#### Records for this task

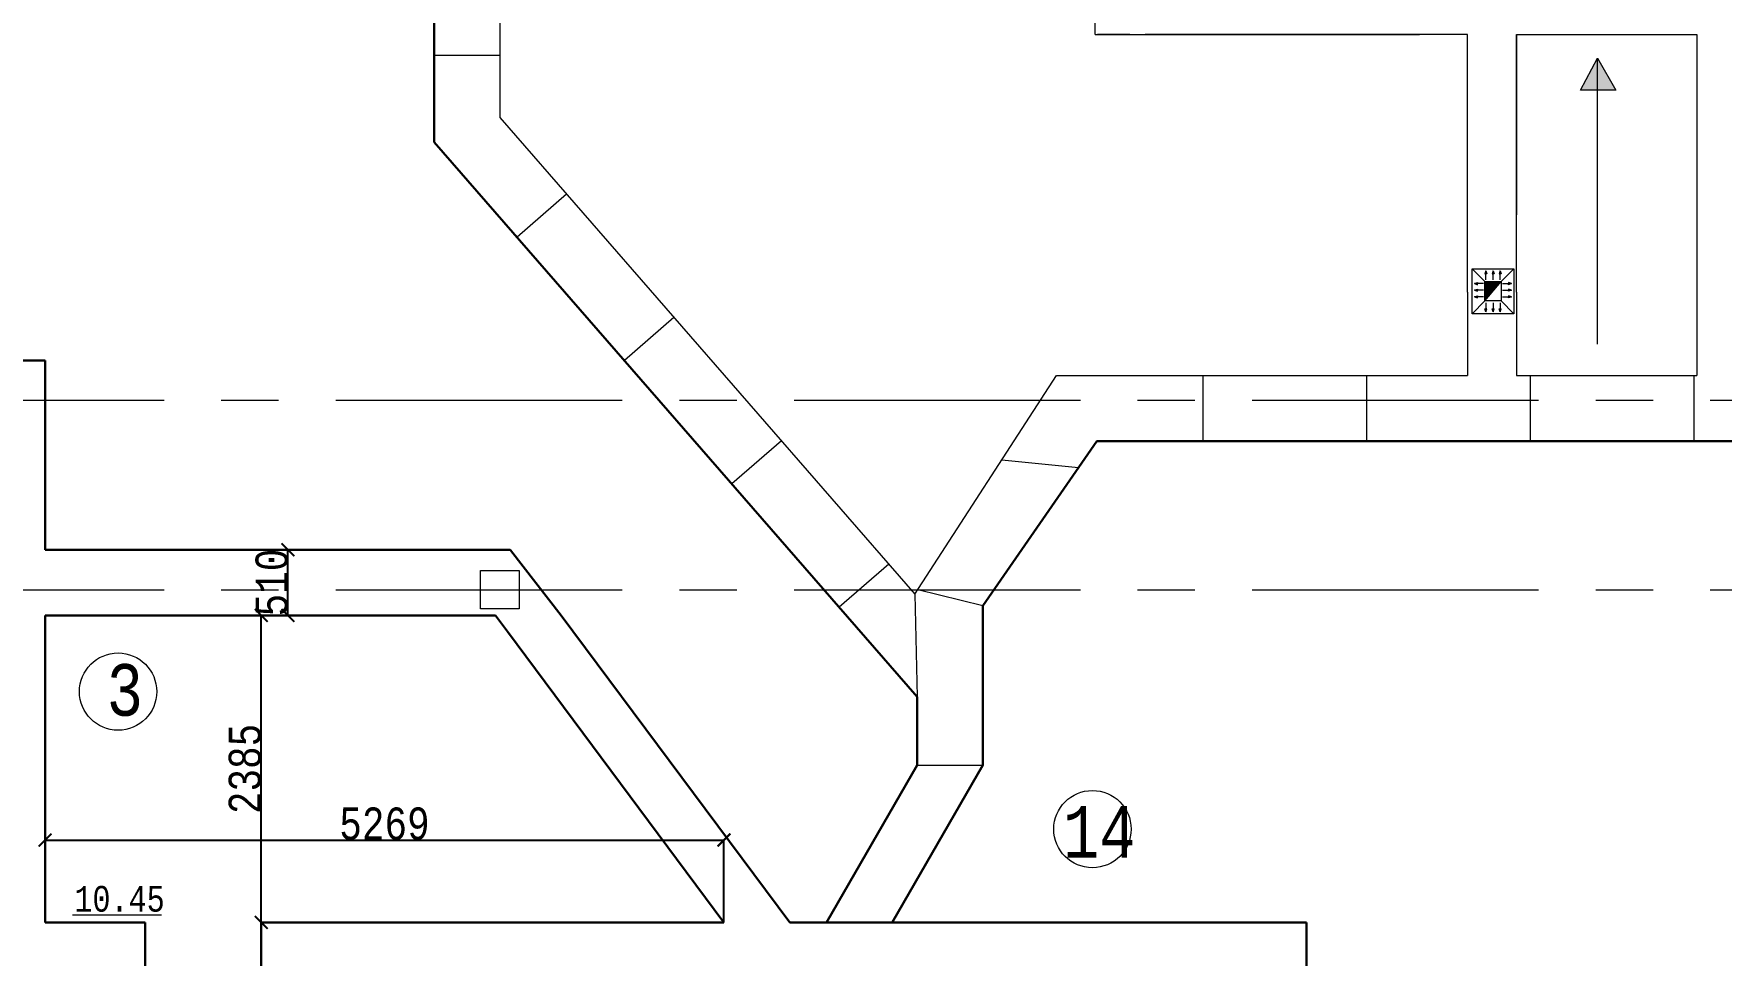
# Model space of a CAD drawing. Header units: millimetres. Extents: x -689206 to 4969298, y -1019800 to 703299.
# Drawn here: x 798541 to 811638, y -621260 to -614102 of the extents above; entities that cross this region are included whole.
import ezdxf

# ---------------------------------------------------------------- set-up
doc = ezdxf.new("R2010")
doc.units = ezdxf.units.MM
doc.linetypes.add('JIS_02_4.0', pattern=[5.5, 4, -1.5])
doc.linetypes.add('осеваяX2', pattern=[101.6, 63.5, -12.7, 12.7, -12.7])
doc.layers.add('кровля', color=211, linetype='Continuous')
doc.layers.add('четотам', color=7, linetype='Continuous')
for name, color, linetype, lineweight in [('несущие', 7, 'Continuous', 30), ('РАЗМЕРЫ', 7, 'Continuous', 9), ('сваи', 7, 'JIS_02_4.0', 30), ('стены', 7, 'Continuous', 20)]:
    doc.layers.add(name, color=color, linetype=linetype, lineweight=lineweight)
doc.styles.add('Аннотативный', font='isocteur.ttf', dxfattribs={"width": 0.7, "height": 250})
doc.dimstyles.new('Аннотативный', dxfattribs={"dimscale": 0, "dimtxt": 250, "dimasz": 100, "dimexe": 1.25, "dimexo": 0.625, "dimtad": 1, "dimdec": 0, "dimtxsty": 'Аннотативный', "dimblk": 'ARCHTICK', "dimcen": 2.5, "dimadec": 0, "dimazin": 0, "dimtfac": 1, "dimtdec": 0, "dimtmove": 0, "dimatfit": 3, "dimfxl": 1, "dimarcsym": 0})

# ---------------------------------------------------------------- blocks, each defined once
blk = doc.blocks.new('_ArchTick')
at = {"color": 0, "linetype": 'ByBlock', "const_width": 0.15}
blk.add_lwpolyline([(-0.5, -0.5), (0.5, 0.5)], dxfattribs=at)
blk = doc.blocks.new('*D4834')
at = {"layer": 'Defpoints', "color": 0, "linetype": 'ByBlock', "lineweight": 5, "transparency": 16777216}
for p in [(800193, -618110), (800514, -618110), (800193, -618620)]:
    blk.add_point(p, dxfattribs=at)
at = {"layer": 'РАЗМЕРЫ', "color": 0, "linetype": 'ByBlock', "lineweight": -2, "transparency": 16777216}
for p, q in [((800193, -618110), (800516, -618110)), ((800514, -618620), (800514, -618110)), ((800193, -618620), (800516, -618620))]:
    blk.add_line(p, q, dxfattribs=at)
at = {"layer": 'РАЗМЕРЫ', "color": 0, "linetype": 'ByBlock', "lineweight": -2, "transparency": 16777216, "xscale": 100, "yscale": 100, "zscale": 100}
for p, rotation in [((800514, -618110), 90), ((800514, -618620), 270)]:
    blk.add_blockref('_ArchTick', p, dxfattribs=dict(at, rotation=rotation))
at = {"layer": 'РАЗМЕРЫ', "color": 0, "linetype": 'ByBlock', "lineweight": 5, "transparency": 16777216, "insert": (800389, -618365), "char_height": 250, "attachment_point": 5, "rotation": 90, "style": 'Аннотативный'}
blk.add_mtext('510', dxfattribs=at)
blk = doc.blocks.new('*D4849')
at = {"layer": 'Defpoints', "color": 0, "lineweight": 5, "ltscale": 35, "transparency": 16777216}
for p in [(800307, -618620), (801495, -618620), (801495, -621005)]:
    blk.add_point(p, dxfattribs=at)
at = {"layer": 'РАЗМЕРЫ', "color": 0, "lineweight": -2, "ltscale": 35, "transparency": 16777216}
for p, q in [((801494, -618620), (800306, -618620)), ((800307, -621005), (800307, -618620)), ((801494, -621005), (800306, -621005))]:
    blk.add_line(p, q, dxfattribs=at)
at = {"layer": 'РАЗМЕРЫ', "color": 0, "lineweight": -2, "ltscale": 35, "transparency": 16777216, "xscale": 100, "yscale": 100, "zscale": 100}
for p, rotation in [((800307, -618620), 90), ((800307, -621005), 270)]:
    blk.add_blockref('_ArchTick', p, dxfattribs=dict(at, rotation=rotation))
at = {"layer": 'РАЗМЕРЫ', "color": 0, "lineweight": 5, "ltscale": 35, "transparency": 16777216, "insert": (800181, -619813), "char_height": 250, "attachment_point": 5, "rotation": 90, "style": 'Аннотативный'}
blk.add_mtext('2385', dxfattribs=at)
blk = doc.blocks.new('*D4857')
at = {"layer": 'Defpoints', "color": 0, "lineweight": 5, "ltscale": 35, "transparency": 16777216}
for p in [(803898, -620365), (798629, -621005), (803898, -621005)]:
    blk.add_point(p, dxfattribs=at)
at = {"layer": 'РАЗМЕРЫ', "color": 0, "lineweight": -2, "ltscale": 35, "transparency": 16777216}
for p, q in [((798629, -621005), (798629, -620364)), ((798629, -620365), (803898, -620365)), ((803898, -621005), (803898, -620364))]:
    blk.add_line(p, q, dxfattribs=at)
at = {"layer": 'РАЗМЕРЫ', "color": 0, "lineweight": -2, "ltscale": 35, "transparency": 16777216, "xscale": 100, "yscale": 100, "zscale": 100, "rotation": 180}
blk.add_blockref('_ArchTick', (798629, -620365), dxfattribs=at)
at = {"layer": 'РАЗМЕРЫ', "color": 0, "lineweight": -2, "ltscale": 35, "transparency": 16777216, "xscale": 100, "yscale": 100, "zscale": 100}
blk.add_blockref('_ArchTick', (803898, -620365), dxfattribs=at)
at = {"layer": 'РАЗМЕРЫ', "color": 0, "lineweight": 5, "ltscale": 35, "transparency": 16777216, "insert": (801263, -620239), "char_height": 250, "attachment_point": 5, "style": 'Аннотативный'}
blk.add_mtext('5269', dxfattribs=at)

msp = doc.modelspace()

# ---------------------------------------------------------------- hatches: boundary and pattern name
at = {"layer": 'кровля', "lineweight": 5, "true_color": 0x000000}
h = msp.add_hatch(color=18, dxfattribs=at)
h.dxf.hatch_style = 1
h.paths.add_polyline_path([(809811.9, -615967.3), (809820.1, -615967.3), (809811.9, -615943.7)])
h.paths.add_polyline_path([(809803.8, -615967.3), (809811.9, -615967.3), (809811.9, -615943.7)])
h = msp.add_hatch(color=18, dxfattribs=at)
h.dxf.hatch_style = 1
h.paths.add_polyline_path([(809867.2, -615967.3), (809875.4, -615967.3), (809867.2, -615943.7)])
h.paths.add_polyline_path([(809859.1, -615967.3), (809867.2, -615967.3), (809867.2, -615943.7)])
h = msp.add_hatch(color=18, dxfattribs=at)
h.dxf.hatch_style = 1
h.paths.add_polyline_path([(809922.5, -615943.7), (809914.4, -615967.3), (809922.5, -615967.3)])
h.paths.add_polyline_path([(809922.5, -615943.7), (809922.5, -615967.3), (809930.7, -615967.3)])
h = msp.add_hatch(color=18, dxfattribs=at)
h.dxf.hatch_style = 1
h.paths.add_polyline_path([(809723.3, -616043.1), (809746.9, -616051.2), (809746.9, -616043.1)])
h.paths.add_polyline_path([(809723.3, -616043.1), (809746.9, -616043.1), (809746.9, -616034.9)])
h = msp.add_hatch(color=18, dxfattribs=at)
h.dxf.hatch_style = 1
h.paths.add_polyline_path([(809723.3, -616094.3), (809746.9, -616102.5), (809746.9, -616094.3)])
h.paths.add_polyline_path([(809723.3, -616094.3), (809746.9, -616094.3), (809746.9, -616086.2)])
h = msp.add_hatch(color=18, dxfattribs=at)
h.dxf.hatch_style = 1
h.paths.add_polyline_path([(809987.6, -616043.1), (809987.6, -616051.2), (810011.2, -616043.1)])
h.paths.add_polyline_path([(809987.6, -616034.9), (809987.6, -616043.1), (810011.2, -616043.1)])
h = msp.add_hatch(color=18, dxfattribs=at)
h.dxf.hatch_style = 1
h.paths.add_polyline_path([(809987.6, -616094.3), (809987.6, -616102.5), (810011.2, -616094.3)])
h.paths.add_polyline_path([(809987.6, -616086.2), (809987.6, -616094.3), (810011.2, -616094.3)])
h = msp.add_hatch(color=18, dxfattribs=at)
h.dxf.hatch_style = 1
h.paths.add_polyline_path([(809746.9, -616145.6), (809746.9, -616137.4), (809723.3, -616145.6)])
h.paths.add_polyline_path([(809746.9, -616153.7), (809746.9, -616145.6), (809723.3, -616145.6)])
h = msp.add_hatch(color=18, dxfattribs=at)
h.dxf.hatch_style = 1
h.paths.add_polyline_path([(810011.2, -616145.6), (809987.6, -616137.4), (809987.6, -616145.6)])
h.paths.add_polyline_path([(810011.2, -616145.6), (809987.6, -616145.6), (809987.6, -616153.7)])
h = msp.add_hatch(color=18, dxfattribs=at)
h.dxf.hatch_style = 1
h.paths.add_polyline_path([(809811.9, -616261.3), (809820.1, -616237.7), (809811.9, -616237.7)])
h.paths.add_polyline_path([(809811.9, -616261.3), (809811.9, -616237.7), (809803.8, -616237.7)])
h = msp.add_hatch(color=18, dxfattribs=at)
h.dxf.hatch_style = 1
h.paths.add_polyline_path([(809867.2, -616261.3), (809875.4, -616237.7), (809867.2, -616237.7)])
h.paths.add_polyline_path([(809867.2, -616261.3), (809867.2, -616237.7), (809859.1, -616237.7)])
h = msp.add_hatch(color=18, dxfattribs=at)
h.dxf.hatch_style = 1
h.paths.add_polyline_path([(809922.5, -616237.7), (809914.4, -616237.7), (809922.5, -616261.3)])
h.paths.add_polyline_path([(809930.7, -616237.7), (809922.5, -616237.7), (809922.5, -616261.3)])
at = {"layer": 'РАЗМЕРЫ', "lineweight": 5, "ltscale": 150}
h = msp.add_hatch(color=256, dxfattribs=at)
h.dxf.hatch_style = 1
h.paths.add_polyline_path([(809929.7, -616027.5), (809804.7, -616027.5), (809804.7, -616177.5)])
at = {"layer": 'сваи', "linetype": 'ByBlock', "lineweight": 20, "ltscale": 35}
h = msp.add_hatch(color=256, dxfattribs=at)
h.dxf.hatch_style = 1
h.paths.add_polyline_path([(825850.8, -610192.2), (825773.2, -610255.6), (825957.2, -610322.5)])
h.paths.add_polyline_path([(825926, -610130.8), (825850.8, -610192.2), (825957.2, -610322.5)])
h.paths.add_polyline_path([(826588.2, -610993.5), (826588.2, -611187.8), (826672.3, -611139.2)])
h.paths.add_polyline_path([(826759, -611089.1), (826588.2, -610993.5), (826672.3, -611139.2)])
h.paths.add_polyline_path([(819607.2, -614292.5), (819607.2, -614541.5), (819751, -614541.5)])
h.paths.add_polyline_path([(819607.2, -614292.5), (819477.2, -614541.5), (819607.2, -614541.5)])
h.paths.add_polyline_path([(819607.2, -613323.6), (819463.5, -613323.6), (819607.2, -613572.5)])
h.paths.add_polyline_path([(819737.2, -613323.6), (819607.2, -613323.6), (819607.2, -613572.5)])
h.paths.add_polyline_path([(815967.2, -613273.6), (815837.2, -613273.6), (815837.2, -613522.5)])
h.paths.add_polyline_path([(815837.2, -613273.6), (815693.5, -613273.6), (815837.2, -613522.5)])
h.paths.add_polyline_path([(815837.2, -614292.5), (815707.2, -614541.5), (815837.2, -614541.5)])
h.paths.add_polyline_path([(815837.2, -614292.5), (815837.2, -614541.5), (815981, -614541.5)])
h.paths.add_polyline_path([(810677.2, -614292.5), (810677.2, -614541.5), (810821, -614541.5)])
h.paths.add_polyline_path([(810677.2, -614292.5), (810547.2, -614541.5), (810677.2, -614541.5)])
h.paths.add_polyline_path([(810687.2, -613323.6), (810543.5, -613323.6), (810687.2, -613572.5)])
h.paths.add_polyline_path([(810817.2, -613323.6), (810687.2, -613323.6), (810687.2, -613572.5)])
h.paths.add_polyline_path([(803967.6, -610846.5), (803787.5, -610923.4), (803868.4, -610982.5)])
h.paths.add_polyline_path([(803967.6, -610846.5), (803868.4, -610982.5), (803946.9, -611039.7)])
h.paths.add_polyline_path([(804588.6, -610069), (804557.3, -610260.8), (804663.8, -610130.4)])
h.paths.add_polyline_path([(804663.8, -610130.4), (804557.3, -610260.8), (804741.3, -610193.8)])

# ---------------------------------------------------------------- linework, layer by layer
at = {"layer": 'кровля', "color": 18, "lineweight": 5, "true_color": 0x000000}
for p, q in [((809804.7, -616027.5), (809704.7, -615927.5)), ((809811.9, -615943.7), (809803.8, -615967.3)), ((809803.8, -615967.3), (809811.9, -615967.3)), ((809811.9, -616013.7), (809811.9, -615943.7)), ((809811.9, -615943.7), (809820.1, -615967.3)), ((809820.1, -615967.3), (809811.9, -615967.3)), ((809867.2, -615943.7), (809859.1, -615967.3)), ((809859.1, -615967.3), (809867.2, -615967.3)), ((809867.2, -616013.7), (809867.2, -615943.7)), ((809867.2, -615943.7), (809875.4, -615967.3)), ((809875.4, -615967.3), (809867.2, -615967.3)), ((809922.5, -615943.7), (809914.4, -615967.3)), ((809914.4, -615967.3), (809922.5, -615967.3)), ((809922.5, -616013.7), (809922.5, -615943.7)), ((809922.5, -615943.7), (809930.7, -615967.3)), ((809930.7, -615967.3), (809922.5, -615967.3)), ((809929.7, -616027.5), (810029.7, -615927.5)), ((809723.3, -616043.1), (809746.9, -616034.9)), ((809793.3, -616043.1), (809723.3, -616043.1)), ((809723.3, -616043.1), (809746.9, -616051.2)), ((809723.3, -616094.3), (809746.9, -616086.2)), ((809793.3, -616094.3), (809723.3, -616094.3)), ((809723.3, -616094.3), (809746.9, -616102.5)), ((809746.9, -616034.9), (809746.9, -616043.1)), ((809746.9, -616051.2), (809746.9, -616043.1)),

########

:: Exercise prompt ::
This exercise requires the lines of the entries containing the string "layers".

:: Exercise answer ::
doc.layers.add('кровля', color=211, linetype='Continuous')
doc.layers.add('четотам', color=7, linetype='Continuous')
    doc.layers.add(name, color=color, linetype=linetype, lineweight=lineweight)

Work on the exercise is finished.